The properties of binomial and normal distributions are well-documented in statistics books, and they are tabulated in computer software like Excel, too.

We will continue our introduction to Excel by looking at ways to display distributions. If you are already comfortable using Excel, there are several steps you will be able to skim or even skip. If you are not familiar with basic Excel features, each step should be followed. Either way, you should feel free to experiment with different features. You can't break the computer by entering a strange function or clicking on an unknown button, and none of the data we are working with here is critical. Sometimes playing around with buttons and menu items is the best way to learn about software.

Graphing

The first feature of Excel to get used to is its ability to make graphs.
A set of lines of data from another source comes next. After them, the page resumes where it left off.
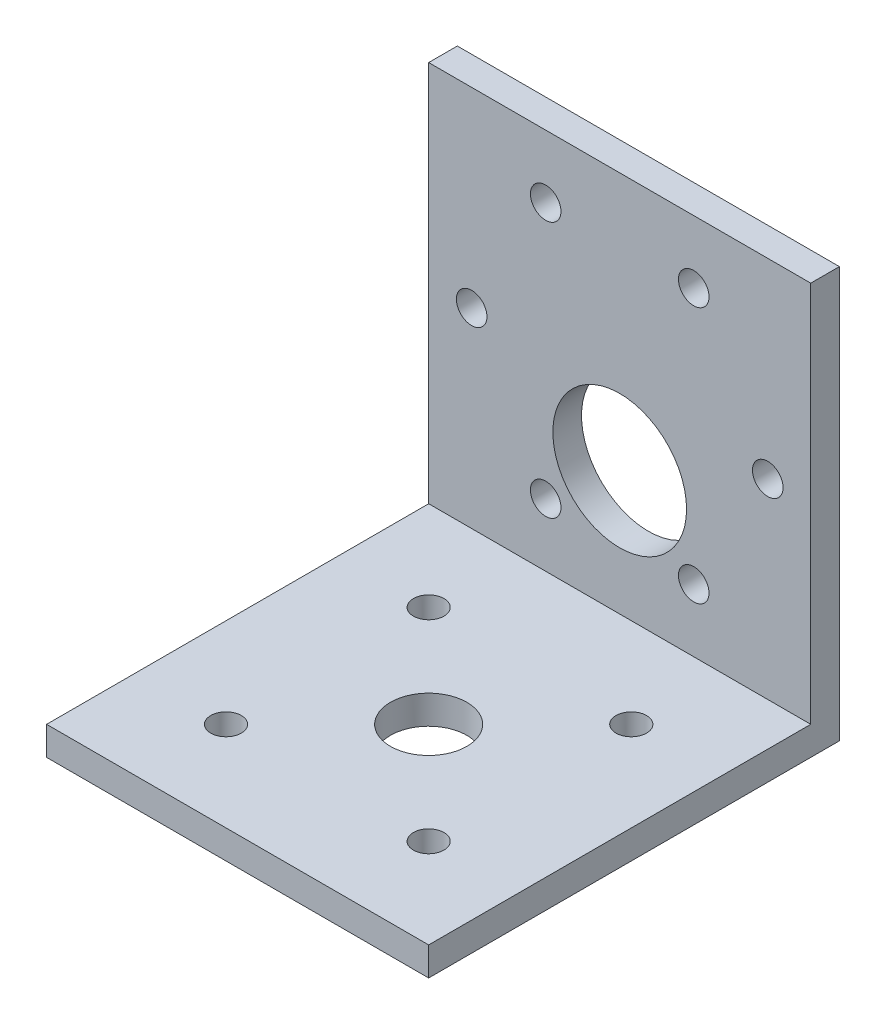
ISO-10303-21;
HEADER;
FILE_DESCRIPTION(('STEP AP214'),'2;1');
FILE_NAME('part.step','',(''),(''),'','','');
FILE_SCHEMA(('AUTOMOTIVE_DESIGN { 1 0 10303 214 1 1 1 1 }'));
ENDSEC;
DATA;
#1=APPLICATION_CONTEXT('core data for automotive mechanical design processes');
#2=APPLICATION_PROTOCOL_DEFINITION('international standard','automotive_design',2000,#1);
#3=PRODUCT_CONTEXT('',#1,'mechanical');
#4=PRODUCT('Part','Part','',(#3));
#5=PRODUCT_RELATED_PRODUCT_CATEGORY('part','',(#4));
#6=PRODUCT_DEFINITION_FORMATION('','',#4);
#7=PRODUCT_DEFINITION_CONTEXT('part definition',#1,'design');
#8=PRODUCT_DEFINITION('design','',#6,#7);
#9=PRODUCT_DEFINITION_SHAPE('','',#8);
#10=(LENGTH_UNIT() NAMED_UNIT(*) SI_UNIT(.MILLI.,.METRE.));
#11=(NAMED_UNIT(*) PLANE_ANGLE_UNIT() SI_UNIT($,.RADIAN.));
#12=(NAMED_UNIT(*) SI_UNIT($,.STERADIAN.) SOLID_ANGLE_UNIT());
#13=UNCERTAINTY_MEASURE_WITH_UNIT(LENGTH_MEASURE(1.E-05),#10,'distance_accuracy_value','');
#14=(GEOMETRIC_REPRESENTATION_CONTEXT(3) GLOBAL_UNCERTAINTY_ASSIGNED_CONTEXT((#13)) GLOBAL_UNIT_ASSIGNED_CONTEXT((#10,
#11,#12)) REPRESENTATION_CONTEXT('',''));
#15=CARTESIAN_POINT('',(0.,0.,0.));
#16=DIRECTION('',(0.,0.,1.));
#17=DIRECTION('',(1.,0.,0.));
#18=AXIS2_PLACEMENT_3D('',#15,#16,#17);
#19=CARTESIAN_POINT('',(0.,0.,3.));
#20=DIRECTION('',(0.,0.,1.));
#21=DIRECTION('',(1.,0.,0.));
#22=AXIS2_PLACEMENT_3D('',#19,#20,#21);
#23=PLANE('',#22);
#24=CARTESIAN_POINT('',(27.75,-33.4233937586588,3.));
#25=DIRECTION('',(0.,0.,1.));
#26=DIRECTION('',(1.,0.,0.));
#27=AXIS2_PLACEMENT_3D('',#24,#25,#26);
#28=CIRCLE('',#27,1.60000000000002);
#29=CARTESIAN_POINT('',(29.35,-33.4233937586588,3.));
#30=VERTEX_POINT('',#29);
#31=EDGE_CURVE('E288',#30,#30,#28,.T.);
#32=ORIENTED_EDGE('',*,*,#31,.F.);
#33=EDGE_LOOP('',(#32));
#34=FACE_BOUND('',#33,.T.);
#35=CARTESIAN_POINT('',(35.5,-20.,3.));
#36=DIRECTION('',(0.,0.,-1.));
#37=DIRECTION('',(-1.,0.,0.));
#38=AXIS2_PLACEMENT_3D('',#35,#36,#37);
#39=CIRCLE('',#38,1.6);
#40=CARTESIAN_POINT('',(33.9,-20.,3.));
#41=VERTEX_POINT('',#40);
#42=EDGE_CURVE('E296',#41,#41,#39,.T.);
#43=ORIENTED_EDGE('',*,*,#42,.T.);
#44=EDGE_LOOP('',(#43));
#45=FACE_BOUND('',#44,.T.);
#46=CARTESIAN_POINT('',(27.75,-6.57660624134121,3.));
#47=DIRECTION('',(0.,0.,-1.));
#48=DIRECTION('',(-1.,0.,0.));
#49=AXIS2_PLACEMENT_3D('',#46,#47,#48);
#50=CIRCLE('',#49,1.60000000000001);
#51=CARTESIAN_POINT('',(26.15,-6.57660624134121,3.));
#52=VERTEX_POINT('',#51);
#53=EDGE_CURVE('E304',#52,#52,#50,.T.);
#54=ORIENTED_EDGE('',*,*,#53,.T.);
#55=EDGE_LOOP('',(#54));
#56=FACE_BOUND('',#55,.T.);
#57=DIRECTION('',(0.,-1.,0.));
#58=VECTOR('',#57,1.);
#59=CARTESIAN_POINT('',(40.,0.,3.));
#60=LINE('',#59,#58);
#61=CARTESIAN_POINT('',(40.,0.,3.));
#62=VERTEX_POINT('',#61);
#63=CARTESIAN_POINT('',(40.,-40.,3.));
#64=VERTEX_POINT('',#63);
#65=EDGE_CURVE('E182',#62,#64,#60,.T.);
#66=ORIENTED_EDGE('',*,*,#65,.F.);
#67=DIRECTION('',(1.,0.,0.));
#68=VECTOR('',#67,1.);
#69=CARTESIAN_POINT('',(0.,0.,3.));
#70=LINE('',#69,#68);
#71=CARTESIAN_POINT('',(0.,0.,3.));
#72=VERTEX_POINT('',#71);
#73=EDGE_CURVE('E190',#72,#62,#70,.T.);
#74=ORIENTED_EDGE('',*,*,#73,.F.);
#75=DIRECTION('',(0.,-1.,0.));
#76=VECTOR('',#75,1.);
#77=CARTESIAN_POINT('',(0.,0.,3.));
#78=LINE('',#77,#76);
#79=CARTESIAN_POINT('',(0.,-40.,3.));
#80=VERTEX_POINT('',#79);
#81=EDGE_CURVE('E197',#72,#80,#78,.T.);
#82=ORIENTED_EDGE('',*,*,#81,.T.);
#83=DIRECTION('',(1.,0.,0.));
#84=VECTOR('',#83,1.);
#85=CARTESIAN_POINT('',(0.,-40.,3.));
#86=LINE('',#85,#84);
#87=EDGE_CURVE('E172',#80,#64,#86,.T.);
#88=ORIENTED_EDGE('',*,*,#87,.T.);
#89=EDGE_LOOP('',(#66,#74,#82,#88));
#90=FACE_BOUND('',#89,.T.);
#91=CARTESIAN_POINT('',(20.,-27.,3.));
#92=DIRECTION('',(0.,0.,1.));
#93=DIRECTION('',(1.,0.,0.));
#94=AXIS2_PLACEMENT_3D('',#91,#92,#93);
#95=CIRCLE('',#94,7.);
#96=CARTESIAN_POINT('',(27.,-27.,3.));
#97=VERTEX_POINT('',#96);
#98=EDGE_CURVE('E192',#97,#97,#95,.T.);
#99=ORIENTED_EDGE('',*,*,#98,.F.);
#100=EDGE_LOOP('',(#99));
#101=FACE_BOUND('',#100,.T.);
#102=CARTESIAN_POINT('',(12.25,-6.57660624134121,3.));
#103=DIRECTION('',(0.,0.,1.));
#104=DIRECTION('',(1.,0.,0.));
#105=AXIS2_PLACEMENT_3D('',#102,#103,#104);
#106=CIRCLE('',#105,1.6);
#107=CARTESIAN_POINT('',(13.85,-6.57660624134121,3.));
#108=VERTEX_POINT('',#107);
#109=EDGE_CURVE('E209',#108,#108,#106,.T.);
#110=ORIENTED_EDGE('',*,*,#109,.F.);
#111=EDGE_LOOP('',(#110));
#112=FACE_BOUND('',#111,.T.);
#113=CARTESIAN_POINT('',(12.25,-33.4233937586588,3.));
#114=DIRECTION('',(0.,0.,-1.));
#115=DIRECTION('',(-1.,0.,0.));
#116=AXIS2_PLACEMENT_3D('',#113,#114,#115);
#117=CIRCLE('',#116,1.60000000000001);
#118=CARTESIAN_POINT('',(10.65,-33.4233937586588,3.));
#119=VERTEX_POINT('',#118);
#120=EDGE_CURVE('E280',#119,#119,#117,.T.);
#121=ORIENTED_EDGE('',*,*,#120,.T.);
#122=EDGE_LOOP('',(#121));
#123=FACE_BOUND('',#122,.T.);
#124=CARTESIAN_POINT('',(4.5,-20.,3.));
#125=DIRECTION('',(0.,0.,1.));
#126=DIRECTION('',(1.,0.,0.));
#127=AXIS2_PLACEMENT_3D('',#124,#125,#126);
#128=CIRCLE('',#127,1.6);
#129=CARTESIAN_POINT('',(6.10000000000001,-20.,3.));
#130=VERTEX_POINT('',#129);
#131=EDGE_CURVE('E272',#130,#130,#128,.T.);
#132=ORIENTED_EDGE('',*,*,#131,.F.);
#133=EDGE_LOOP('',(#132));
#134=FACE_BOUND('',#133,.T.);
#135=ADVANCED_FACE('F137',(#34,#45,#56,#90,#101,#112,#123,#134),#23,.T.);
#136=CARTESIAN_POINT('',(0.,0.,0.));
#137=DIRECTION('',(0.,0.,1.));
#138=DIRECTION('',(1.,0.,0.));
#139=AXIS2_PLACEMENT_3D('',#136,#137,#138);
#140=PLANE('',#139);
#141=CARTESIAN_POINT('',(12.25,-33.4233937586588,0.));
#142=DIRECTION('',(0.,0.,-1.));
#143=DIRECTION('',(-1.,0.,0.));
#144=AXIS2_PLACEMENT_3D('',#141,#142,#143);
#145=CIRCLE('',#144,1.60000000000001);
#146=CARTESIAN_POINT('',(10.65,-33.4233937586588,0.));
#147=VERTEX_POINT('',#146);
#148=EDGE_CURVE('E276',#147,#147,#145,.T.);
#149=ORIENTED_EDGE('',*,*,#148,.F.);
#150=EDGE_LOOP('',(#149));
#151=FACE_BOUND('',#150,.T.);
#152=CARTESIAN_POINT('',(35.5,-20.,0.));
#153=DIRECTION('',(0.,0.,-1.));
#154=DIRECTION('',(-1.,0.,0.));
#155=AXIS2_PLACEMENT_3D('',#152,#153,#154);
#156=CIRCLE('',#155,1.6);
#157=CARTESIAN_POINT('',(33.9,-20.,0.));
#158=VERTEX_POINT('',#157);
#159=EDGE_CURVE('E292',#158,#158,#156,.T.);
#160=ORIENTED_EDGE('',*,*,#159,.F.);
#161=EDGE_LOOP('',(#160));
#162=FACE_BOUND('',#161,.T.);
#163=CARTESIAN_POINT('',(27.75,-6.57660624134121,0.));
#164=DIRECTION('',(0.,0.,-1.));
#165=DIRECTION('',(-1.,0.,0.));
#166=AXIS2_PLACEMENT_3D('',#163,#164,#165);
#167=CIRCLE('',#166,1.60000000000001);
#168=CARTESIAN_POINT('',(26.15,-6.57660624134121,0.));
#169=VERTEX_POINT('',#168);
#170=EDGE_CURVE('E300',#169,#169,#167,.T.);
#171=ORIENTED_EDGE('',*,*,#170,.F.);
#172=EDGE_LOOP('',(#171));
#173=FACE_BOUND('',#172,.T.);
#174=CARTESIAN_POINT('',(20.,-27.,0.));
#175=DIRECTION('',(0.,0.,1.));
#176=DIRECTION('',(1.,0.,0.));
#177=AXIS2_PLACEMENT_3D('',#174,#175,#176);
#178=CIRCLE('',#177,7.);
#179=CARTESIAN_POINT('',(27.,-27.,0.));
#180=VERTEX_POINT('',#179);
#181=EDGE_CURVE('E205',#180,#180,#178,.T.);
#182=ORIENTED_EDGE('',*,*,#181,.T.);
#183=EDGE_LOOP('',(#182));
#184=FACE_BOUND('',#183,.T.);
#185=DIRECTION('',(0.,-1.,0.));
#186=VECTOR('',#185,1.);
#187=CARTESIAN_POINT('',(40.,0.,0.));
#188=LINE('',#187,#186);
#189=CARTESIAN_POINT('',(40.,0.,0.));
#190=VERTEX_POINT('',#189);
#191=CARTESIAN_POINT('',(40.,-43.,0.));
#192=VERTEX_POINT('',#191);
#193=EDGE_CURVE('E184',#190,#192,#188,.T.);
#194=ORIENTED_EDGE('',*,*,#193,.T.);
#195=DIRECTION('',(-1.,0.,0.));
#196=VECTOR('',#195,1.);
#197=CARTESIAN_POINT('',(83.1045241245046,-43.,0.));
#198=LINE('',#197,#196);
#199=CARTESIAN_POINT('',(0.,-43.,0.));
#200=VERTEX_POINT('',#199);
#201=EDGE_CURVE('E229',#192,#200,#198,.T.);
#202=ORIENTED_EDGE('',*,*,#201,.T.);
#203=DIRECTION('',(0.,-1.,0.));
#204=VECTOR('',#203,1.);
#205=CARTESIAN_POINT('',(0.,0.,0.));
#206=LINE('',#205,#204);
#207=CARTESIAN_POINT('',(0.,0.,0.));
#208=VERTEX_POINT('',#207);
#209=EDGE_CURVE('E215',#208,#200,#206,.T.);
#210=ORIENTED_EDGE('',*,*,#209,.F.);
#211=DIRECTION('',(1.,0.,0.));
#212=VECTOR('',#211,1.);
#213=CARTESIAN_POINT('',(0.,0.,0.));
#214=LINE('',#213,#212);
#215=EDGE_CURVE('E212',#208,#190,#214,.T.);
#216=ORIENTED_EDGE('',*,*,#215,.T.);
#217=EDGE_LOOP('',(#194,#202,#210,#216));
#218=FACE_BOUND('',#217,.T.);
#219=CARTESIAN_POINT('',(12.25,-6.57660624134121,0.));
#220=DIRECTION('',(0.,0.,1.));
#221=DIRECTION('',(1.,0.,0.));
#222=AXIS2_PLACEMENT_3D('',#219,#220,#221);
#223=CIRCLE('',#222,1.6);
#224=CARTESIAN_POINT('',(13.85,-6.57660624134121,0.));
#225=VERTEX_POINT('',#224);
#226=EDGE_CURVE('E308',#225,#225,#223,.T.);
#227=ORIENTED_EDGE('',*,*,#226,.T.);
#228=EDGE_LOOP('',(#227));
#229=FACE_BOUND('',#228,.T.);
#230=CARTESIAN_POINT('',(27.75,-33.4233937586588,0.));
#231=DIRECTION('',(0.,0.,1.));
#232=DIRECTION('',(1.,0.,0.));
#233=AXIS2_PLACEMENT_3D('',#230,#231,#232);
#234=CIRCLE('',#233,1.60000000000002);
#235=CARTESIAN_POINT('',(29.35,-33.4233937586588,0.));
#236=VERTEX_POINT('',#235);
#237=EDGE_CURVE('E284',#236,#236,#234,.T.);
#238=ORIENTED_EDGE('',*,*,#237,.T.);
#239=EDGE_LOOP('',(#238));
#240=FACE_BOUND('',#239,.T.);
#241=CARTESIAN_POINT('',(4.5,-20.,0.));
#242=DIRECTION('',(0.,0.,1.));
#243=DIRECTION('',(1.,0.,0.));
#244=AXIS2_PLACEMENT_3D('',#241,#242,#243);
#245=CIRCLE('',#244,1.6);
#246=CARTESIAN_POINT('',(6.10000000000001,-20.,0.));
#247=VERTEX_POINT('',#246);
#248=EDGE_CURVE('E266',#247,#247,#245,.T.);
#249=ORIENTED_EDGE('',*,*,#248,.T.);
#250=EDGE_LOOP('',(#249));
#251=FACE_BOUND('',#250,.T.);
#252=ADVANCED_FACE('F226',(#151,#162,#173,#184,#218,#229,#240,#251),#140,.F.);
#253=CARTESIAN_POINT('',(40.,0.,3.));
#254=DIRECTION('',(1.,0.,0.));
#255=DIRECTION('',(0.,1.,0.));
#256=AXIS2_PLACEMENT_3D('',#253,#254,#255);
#257=PLANE('',#256);
#258=ORIENTED_EDGE('',*,*,#193,.F.);
#259=DIRECTION('',(0.,0.,-1.));
#260=VECTOR('',#259,1.);
#261=CARTESIAN_POINT('',(40.,0.,3.));
#262=LINE('',#261,#260);
#263=EDGE_CURVE('E12',#62,#190,#262,.T.);
#264=ORIENTED_EDGE('',*,*,#263,.F.);
#265=ORIENTED_EDGE('',*,*,#65,.T.);
#266=DIRECTION('',(0.,0.,1.));
#267=VECTOR('',#266,1.);
#268=CARTESIAN_POINT('',(40.,-40.,0.));
#269=LINE('',#268,#267);
#270=CARTESIAN_POINT('',(40.,-40.,43.));
#271=VERTEX_POINT('',#270);
#272=EDGE_CURVE('E155',#64,#271,#269,.T.);
#273=ORIENTED_EDGE('',*,*,#272,.T.);
#274=DIRECTION('',(0.,-1.,0.));
#275=VECTOR('',#274,1.);
#276=CARTESIAN_POINT('',(40.,-40.,43.));
#277=LINE('',#276,#275);
#278=CARTESIAN_POINT('',(40.,-43.,43.));
#279=VERTEX_POINT('',#278);
#280=EDGE_CURVE('E262',#271,#279,#277,.T.);
#281=ORIENTED_EDGE('',*,*,#280,.T.);
#282=DIRECTION('',(0.,0.,-1.));
#283=VECTOR('',#282,1.);
#284=CARTESIAN_POINT('',(40.,-43.,0.));
#285=LINE('',#284,#283);
#286=EDGE_CURVE('E247',#279,#192,#285,.T.);
#287=ORIENTED_EDGE('',*,*,#286,.T.);
#288=EDGE_LOOP('',(#258,#264,#265,#273,#281,#287));
#289=FACE_BOUND('',#288,.T.);
#290=ADVANCED_FACE('F181',(#289),#257,.T.);
#291=CARTESIAN_POINT('',(0.,0.,3.));
#292=DIRECTION('',(0.,1.,0.));
#293=DIRECTION('',(0.,0.,1.));
#294=AXIS2_PLACEMENT_3D('',#291,#292,#293);
#295=PLANE('',#294);
#296=ORIENTED_EDGE('',*,*,#215,.F.);
#297=DIRECTION('',(0.,0.,-1.));
#298=VECTOR('',#297,1.);
#299=CARTESIAN_POINT('',(0.,0.,3.));
#300=LINE('',#299,#298);
#301=EDGE_CURVE('E147',#72,#208,#300,.T.);
#302=ORIENTED_EDGE('',*,*,#301,.F.);
#303=ORIENTED_EDGE('',*,*,#73,.T.);
#304=ORIENTED_EDGE('',*,*,#263,.T.);
#305=EDGE_LOOP('',(#296,#302,#303,#304));
#306=FACE_BOUND('',#305,.T.);
#307=ADVANCED_FACE('F194',(#306),#295,.T.);
#308=CARTESIAN_POINT('',(0.,0.,3.));
#309=DIRECTION('',(1.,0.,0.));
#310=DIRECTION('',(0.,1.,0.));
#311=AXIS2_PLACEMENT_3D('',#308,#309,#310);
#312=PLANE('',#311);
#313=ORIENTED_EDGE('',*,*,#209,.T.);
#314=DIRECTION('',(0.,0.,-1.));
#315=VECTOR('',#314,1.);
#316=CARTESIAN_POINT('',(0.,-43.,0.));
#317=LINE('',#316,#315);
#318=CARTESIAN_POINT('',(0.,-43.,43.));
#319=VERTEX_POINT('',#318);
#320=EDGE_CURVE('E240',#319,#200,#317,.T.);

Unfortunately, Excel was originally meant as a business software program, and many of its graphing features do not yet live up to the expectations of most scientists and statisticians. But you can still do quite a bit.

Your task is simply to create a histogram of the following frequency table. Note that you only need to use Excel's regular graphing features since this table is not the raw data. Later, we will learn how to make histograms directly from the raw data.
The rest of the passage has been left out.